# Northern report



## Oldgrandman (Nov 16, 2004)

Thought I better get a report out. North in the Gaylord area yesterday got back with 181 for myself and my buddy plucked 158 - again I bring a buddy and wonder why :lol:. 
Seriously, it is drying fast but did pretty good for this early and how dry it is. I found one little spot about a 4 foot trianglular area that had 21 in it . Unfortunately I didn't even think about the camera on those but now regret that. Here are a couple pics from yesterday and one from last weekend at the bottom. Can you tell I was cold from the blurry photo?
I am up to 337, still holding out hope to salvage a decent season, all the usual flowers (dutchmans breeches-trout lillies-trilliums) are out now.....
Good luck y'all!


----------



## STEINFISHSKI (Jan 30, 2001)

Nice haul Mark, you should have took me I would have only found 5.:lol:


----------



## Matt V (Dec 8, 2004)

Great job, glad to see someone is finding them! I may try up by Mesick this weekend...


----------



## Linda G. (Mar 28, 2002)

good for you, Mark. It's been so dry and cold in the a.m. that I haven't even tried yet, seriously...so haven't found a one...


----------



## Boardman Brookies (Dec 20, 2007)

Nice stash! I only had one hour to hit woods today. I found 28 blacks and pulled some leeks here in Leelanau County. The woods are bone dry right now. Some of the blacks were pretty nice. They are going to go great with my limit brookies I hopefully catch tomorrow!!!!


----------



## fasthunter (Sep 15, 2006)

Nice finds you guys. I'm about to head out myself. OGM did you pick any of those leeks in those photos too? They sure go good together. However, nice haul!


----------



## Oldgrandman (Nov 16, 2004)

BB, that sounds better than the steak and morels I had last night! Used to fish em more when I was younger, should get out for em again.

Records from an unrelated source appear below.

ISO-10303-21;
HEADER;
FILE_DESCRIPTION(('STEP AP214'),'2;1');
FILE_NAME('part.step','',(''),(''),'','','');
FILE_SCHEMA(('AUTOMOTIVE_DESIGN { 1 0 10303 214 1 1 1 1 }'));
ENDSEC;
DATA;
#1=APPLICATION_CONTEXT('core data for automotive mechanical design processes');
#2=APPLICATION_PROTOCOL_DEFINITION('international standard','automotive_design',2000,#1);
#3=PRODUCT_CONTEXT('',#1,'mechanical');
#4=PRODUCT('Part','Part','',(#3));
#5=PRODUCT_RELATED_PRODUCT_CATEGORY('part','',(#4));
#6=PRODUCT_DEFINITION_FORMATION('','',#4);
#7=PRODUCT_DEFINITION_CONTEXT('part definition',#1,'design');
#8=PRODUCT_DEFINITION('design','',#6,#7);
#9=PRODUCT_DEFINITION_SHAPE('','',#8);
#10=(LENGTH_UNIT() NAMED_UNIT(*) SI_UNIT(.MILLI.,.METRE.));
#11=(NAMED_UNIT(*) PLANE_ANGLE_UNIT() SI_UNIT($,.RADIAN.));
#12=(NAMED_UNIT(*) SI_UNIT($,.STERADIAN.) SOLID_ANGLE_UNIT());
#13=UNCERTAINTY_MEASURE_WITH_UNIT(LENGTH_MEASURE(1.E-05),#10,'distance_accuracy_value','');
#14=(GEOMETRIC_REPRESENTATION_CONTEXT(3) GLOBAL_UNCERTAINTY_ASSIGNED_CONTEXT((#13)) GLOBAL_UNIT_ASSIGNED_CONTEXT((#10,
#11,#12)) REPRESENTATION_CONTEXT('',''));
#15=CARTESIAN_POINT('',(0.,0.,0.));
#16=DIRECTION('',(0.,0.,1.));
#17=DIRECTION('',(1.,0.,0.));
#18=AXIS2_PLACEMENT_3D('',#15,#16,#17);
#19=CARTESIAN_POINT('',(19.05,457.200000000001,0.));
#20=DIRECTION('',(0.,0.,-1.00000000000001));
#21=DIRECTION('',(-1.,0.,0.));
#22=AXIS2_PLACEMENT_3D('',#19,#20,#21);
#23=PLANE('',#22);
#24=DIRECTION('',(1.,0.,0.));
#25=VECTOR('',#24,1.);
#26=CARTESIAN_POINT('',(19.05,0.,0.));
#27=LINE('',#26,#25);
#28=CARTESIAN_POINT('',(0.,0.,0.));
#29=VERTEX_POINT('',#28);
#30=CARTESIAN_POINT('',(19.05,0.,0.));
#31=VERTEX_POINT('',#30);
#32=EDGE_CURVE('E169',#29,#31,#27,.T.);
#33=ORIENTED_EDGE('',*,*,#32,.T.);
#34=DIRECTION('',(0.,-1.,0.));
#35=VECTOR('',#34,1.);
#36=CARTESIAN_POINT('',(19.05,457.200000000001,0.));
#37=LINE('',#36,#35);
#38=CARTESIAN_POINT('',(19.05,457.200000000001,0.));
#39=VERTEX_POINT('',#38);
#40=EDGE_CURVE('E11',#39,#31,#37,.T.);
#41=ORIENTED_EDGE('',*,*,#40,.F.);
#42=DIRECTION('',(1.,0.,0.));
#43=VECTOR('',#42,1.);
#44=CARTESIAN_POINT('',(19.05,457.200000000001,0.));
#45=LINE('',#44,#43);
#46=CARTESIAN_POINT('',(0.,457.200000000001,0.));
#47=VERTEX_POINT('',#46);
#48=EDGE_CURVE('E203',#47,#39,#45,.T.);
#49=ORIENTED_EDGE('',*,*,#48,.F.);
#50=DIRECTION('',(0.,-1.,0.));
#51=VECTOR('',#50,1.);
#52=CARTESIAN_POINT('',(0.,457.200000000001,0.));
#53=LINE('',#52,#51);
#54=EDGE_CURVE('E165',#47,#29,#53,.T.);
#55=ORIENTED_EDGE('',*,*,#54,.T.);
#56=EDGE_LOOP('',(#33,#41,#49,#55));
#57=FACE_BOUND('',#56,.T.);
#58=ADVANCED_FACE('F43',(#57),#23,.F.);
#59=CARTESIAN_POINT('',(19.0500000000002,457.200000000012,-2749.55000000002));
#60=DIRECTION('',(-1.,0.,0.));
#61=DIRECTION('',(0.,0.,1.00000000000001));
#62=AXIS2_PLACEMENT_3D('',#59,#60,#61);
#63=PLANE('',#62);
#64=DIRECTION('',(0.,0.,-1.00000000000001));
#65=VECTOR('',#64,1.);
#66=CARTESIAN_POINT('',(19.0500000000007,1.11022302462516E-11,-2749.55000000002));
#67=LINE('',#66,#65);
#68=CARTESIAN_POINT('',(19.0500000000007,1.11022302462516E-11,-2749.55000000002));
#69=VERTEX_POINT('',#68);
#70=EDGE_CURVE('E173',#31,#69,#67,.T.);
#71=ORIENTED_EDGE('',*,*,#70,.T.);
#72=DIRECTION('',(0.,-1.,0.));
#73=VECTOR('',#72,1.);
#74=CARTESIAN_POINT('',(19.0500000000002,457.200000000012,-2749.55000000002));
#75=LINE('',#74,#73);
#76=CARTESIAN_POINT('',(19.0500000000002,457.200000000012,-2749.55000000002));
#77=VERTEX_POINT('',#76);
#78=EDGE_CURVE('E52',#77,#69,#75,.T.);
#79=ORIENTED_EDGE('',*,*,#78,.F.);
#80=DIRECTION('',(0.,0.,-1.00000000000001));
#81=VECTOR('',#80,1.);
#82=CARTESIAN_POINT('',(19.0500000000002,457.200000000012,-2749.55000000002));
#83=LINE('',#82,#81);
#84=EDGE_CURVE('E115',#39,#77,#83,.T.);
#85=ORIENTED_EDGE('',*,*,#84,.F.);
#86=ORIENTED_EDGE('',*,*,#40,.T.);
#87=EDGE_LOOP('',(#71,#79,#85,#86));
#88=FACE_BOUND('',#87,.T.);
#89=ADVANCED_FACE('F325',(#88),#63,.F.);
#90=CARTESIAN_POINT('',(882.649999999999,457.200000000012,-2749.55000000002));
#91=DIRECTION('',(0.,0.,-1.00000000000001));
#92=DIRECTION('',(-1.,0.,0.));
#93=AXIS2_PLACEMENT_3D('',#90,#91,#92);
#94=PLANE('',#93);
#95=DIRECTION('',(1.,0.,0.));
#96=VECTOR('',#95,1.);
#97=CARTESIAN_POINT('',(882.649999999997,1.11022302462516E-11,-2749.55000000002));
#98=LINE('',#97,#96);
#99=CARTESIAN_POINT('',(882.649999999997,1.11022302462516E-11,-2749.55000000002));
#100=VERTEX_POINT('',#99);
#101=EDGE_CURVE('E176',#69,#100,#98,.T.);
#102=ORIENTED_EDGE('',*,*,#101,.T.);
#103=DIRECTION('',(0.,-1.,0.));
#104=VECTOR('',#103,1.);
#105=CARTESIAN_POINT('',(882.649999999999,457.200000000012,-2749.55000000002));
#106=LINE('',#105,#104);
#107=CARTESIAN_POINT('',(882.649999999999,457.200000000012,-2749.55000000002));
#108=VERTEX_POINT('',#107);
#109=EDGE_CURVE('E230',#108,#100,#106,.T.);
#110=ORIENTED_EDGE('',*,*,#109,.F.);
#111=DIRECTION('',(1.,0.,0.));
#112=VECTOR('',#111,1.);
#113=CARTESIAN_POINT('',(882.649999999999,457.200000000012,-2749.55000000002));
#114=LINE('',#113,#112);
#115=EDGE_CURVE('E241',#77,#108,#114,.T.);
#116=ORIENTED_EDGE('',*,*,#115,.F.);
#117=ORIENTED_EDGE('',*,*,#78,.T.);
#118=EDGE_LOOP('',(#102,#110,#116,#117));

FH, I did not get any this time but probably will tomorrow if I can remember to. I got a bit caught up in the morel hunting and neglected to that time, but I always take some home each season.

Rain is coming and I hope it is enough to kick things into high gear :woohoo1:


----------



## Oldgrandman (Nov 16, 2004)

Linda, I just got a pretty reliable report of a dozen whites being pulled from the Bellaire area today just hours ago. I am not liking the sounds of that.....:bloos:
I am taking the Northern Express again in about 10 hours and gonna see what I can find. Glad I backed up my vacation, I still have a few days off this coming week if the rain does come up there. Glad I followed my instinct!


----------



## Linda G. (Mar 28, 2002)

Quite honestly, Mark, I don't believe it. It's been VERY dry up here, and COLD at night...it's been fairly warm during the day, but the leaves on the maples are JUST now unfolding up here. 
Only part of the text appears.